My father, wearing his usual suit of forced composure, stepped forward to address the young doctor who approached us. After all, the adult world needed an adult spokesperson.

The doctor delivered his clinical, neutral account. "We cannot confirm the identity of the minor patient at this time, as official dental and fingerprint records require time for processing. However, if you have any recent, photographs, we can use them for a quick visual confirmation."

Photographs.

The request hit me with the brutal irony of a cosmic joke. All my recent photos of him were on my phone—the device I had discarded into the very sea that had just performed the retrieval. The physical evidence had been destroyed by the mechanism of the miracle.

"I have it!" I stammered, pulling the cold, damp lump from my wet pocket. I pressed the power button frantically, but the screen remained black, unresponsive. It was working just twenty minutes ago. It had to be. "Wait, wait, not like this," I begged the device. "All of it... all the proof is in my phone. It has to turn on. Wait." Tears of pure, crushing frustration, not of grief, began to stream down my face.

My mother, the pillar in the Hanamura family, placed a calm hand on my shoulder. "It's alright, sweetheart. The phone is ruined. But I have them too."

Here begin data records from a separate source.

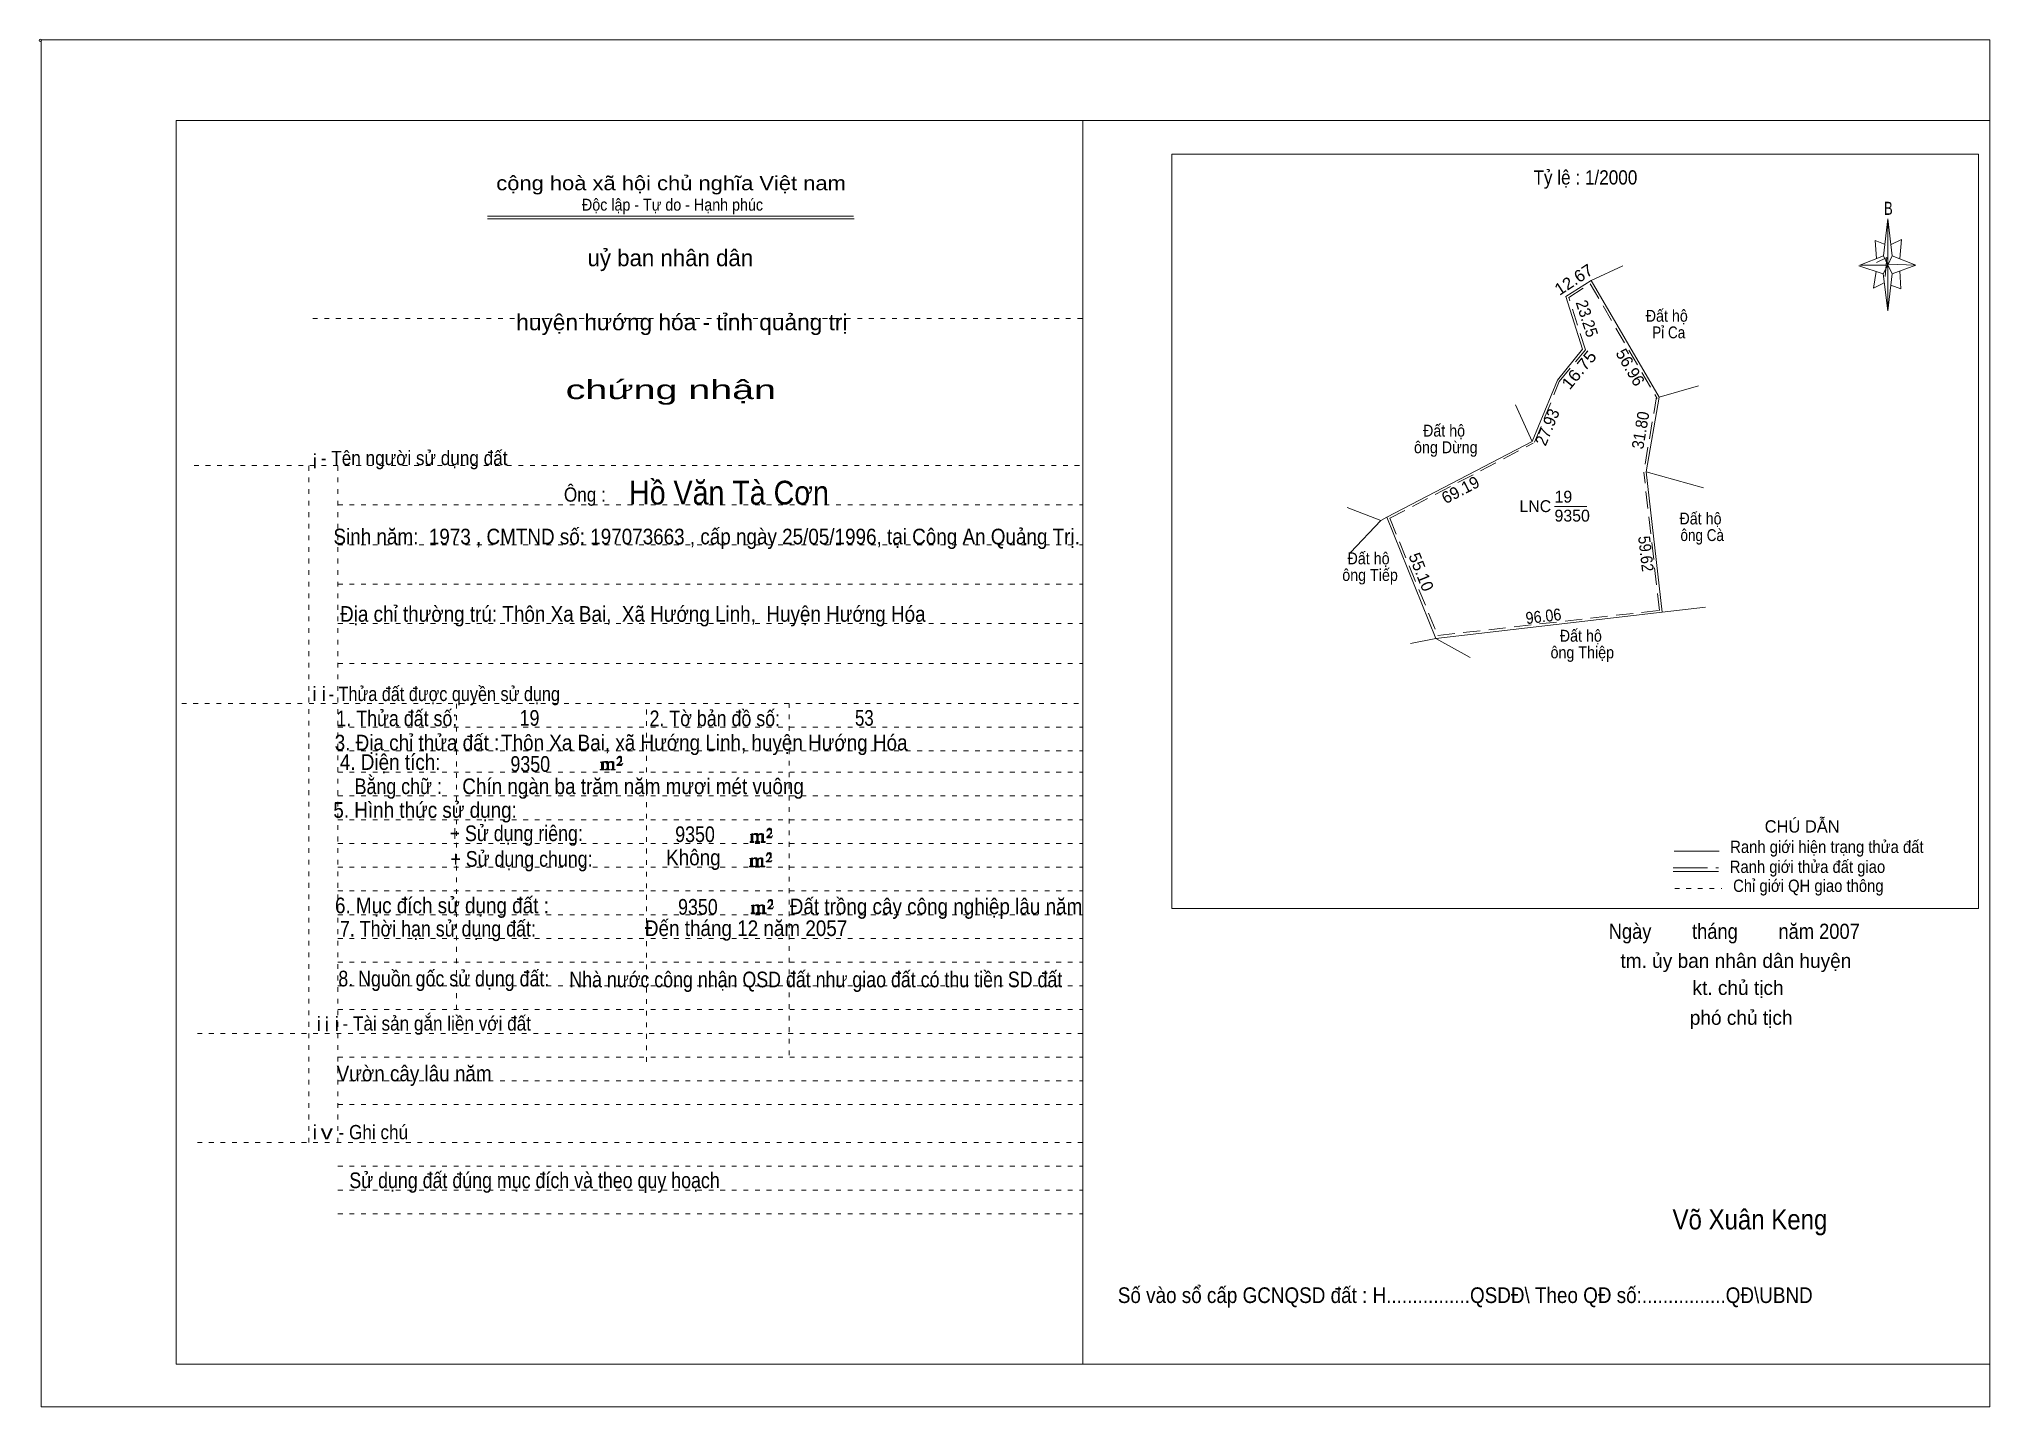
# Model space of a CAD drawing. Header units: centimetres. Extents: x -1.6 to 39.5, y -3.3 to 25.5.
import ezdxf
from ezdxf.enums import TextEntityAlignment as Align

# ---------------------------------------------------------------- set-up
doc = ezdxf.new("R2010")
doc.units = ezdxf.units.CM
doc.header["$LTSCALE"] = 0.12
for name, pattern in [('DOTTED', [1.5, 0.3, -1.2]), ('LONG_DASHED', [7.5, 6, -1.5]), ('MEDIUM_DASHED', [4.5, 3, -1.5])]:
    doc.linetypes.add(name, pattern=pattern)
for name, color, linetype, lineweight in [('1', 7, 'DOTTED', 13), ('10', 7, 'Continuous', 13), ('4', 7, 'Continuous', 13), ('5', 7, 'Continuous', 13), ('50', 7, 'Continuous', 13)]:
    doc.layers.add(name, color=color, linetype=linetype, lineweight=lineweight)

msp = doc.modelspace()

# ---------------------------------------------------------------- hatches: boundary and pattern name
at = {"layer": '50'}
for points in [[(10.27, 10.13), (10.27, 10.12), (10.27, 10.11), (10.25, 10.11), (10.24, 10.11), (10.24, 10.1), (10.33, 10.1), (10.33, 10.11), (10.32, 10.11), (10.31, 10.11), (10.31, 10.12), (10.31, 10.13), (10.31, 10.24), (10.31, 10.25), (10.32, 10.26), (10.34, 10.26), (10.35, 10.26), (10.36, 10.26), (10.37, 10.25), (10.39, 10.22), (10.39, 10.13), (10.37, 10.12), (10.37, 10.11), (10.36, 10.11), (10.35, 10.11), (10.35, 10.1), (10.44, 10.1), (10.44, 10.11), (10.43, 10.11), (10.42, 10.11), (10.42, 10.12), (10.42, 10.13), (10.42, 10.24), (10.44, 10.26), (10.45, 10.26), (10.46, 10.26), (10.49, 10.26), (10.49, 10.25), (10.5, 10.24), (10.5, 10.22), (10.5, 10.13), (10.5, 10.12), (10.49, 10.11), (10.49, 10.11), (10.47, 10.11), (10.47, 10.1), (10.56, 10.1), (10.56, 10.11), (10.55, 10.11), (10.54, 10.11), (10.53, 10.12), (10.53, 10.13), (10.53, 10.2), (10.53, 10.25), (10.53, 10.26), (10.52, 10.27), (10.5, 10.28), (10.47, 10.28), (10.46, 10.28), (10.44, 10.27), (10.41, 10.25), (10.41, 10.26), (10.4, 10.28), (10.39, 10.28), (10.37, 10.28), (10.35, 10.28), (10.34, 10.28), (10.32, 10.26), (10.31, 10.26), (10.31, 10.25), (10.31, 10.25), (10.31, 10.26), (10.31, 10.28), (10.24, 10.26), (10.24, 10.26), (10.25, 10.26), (10.27, 10.25), (10.27, 10.24), (10.27, 10.23)], [(10.69, 10.19), (10.72, 10.24), (10.72, 10.24), (10.71, 10.22), (10.69, 10.22), (10.68, 10.22), (10.63, 10.22), (10.66, 10.26), (10.67, 10.27), (10.69, 10.28), (10.69, 10.3), (10.69, 10.32), (10.69, 10.34), (10.69, 10.35), (10.69, 10.37), (10.68, 10.38), (10.67, 10.38), (10.66, 10.39), (10.65, 10.39), (10.63, 10.38), (10.63, 10.38), (10.62, 10.37), (10.61, 10.35), (10.59, 10.33), (10.61, 10.33), (10.61, 10.35), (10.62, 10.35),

She pulled out her own phone, the screen brightly displaying a cheerful, fifteen-year-old Jun—the ghost of the past clashing violently with the sterile present. The doctor studied the image.

"There is a strong resemblance. But the boy is clearly older now, and his skin is... unusual. Pale." He handed the phone back. "We cannot officially confirm the identity yet, but given the circumstances, we've moved him to a supervised room off the ICU after preliminary scans."

Pale. Of course he was pale. He had effectively traveled through time.

My father asked if we could see him, but the doctor insisted on stabilization. "However, given the identification crisis, we will allow one of you a brief, supervised visit soon for visual confirmation."

The next sixty minutes were an unbearable, singular point of agony. My wet clothes were now icy against my skin. I stared at the digital clock on the wall, watching the seconds bleed into minutes, my mind cycling between absolute certainty and terrifying doubt. What if the resemblance isn't close enough? What if my whole life was just a mistaken variable?

The silence was finally fractured when a different nurse appeared.

"Hanamura family? The patient is stabilized. We are ready for a quick visual confirmation now. One person only."

I didn't wait for my parents' consent. My heart had fought through the sea, the chaos, and the clinical resistance of the hospital. This confirmation was mine alone.

"I don't care about the guardian or the rules," I stated, rising from the chair. My voice had regained its terrifying, icy calm—the voice of the Silent Princess making an undeniable demand. I pushed past my startled parents and the nurse. "I have to see him. He came back for me." The story wasn't theirs to confirm; it was mine. I walked straight into the restricted hallway.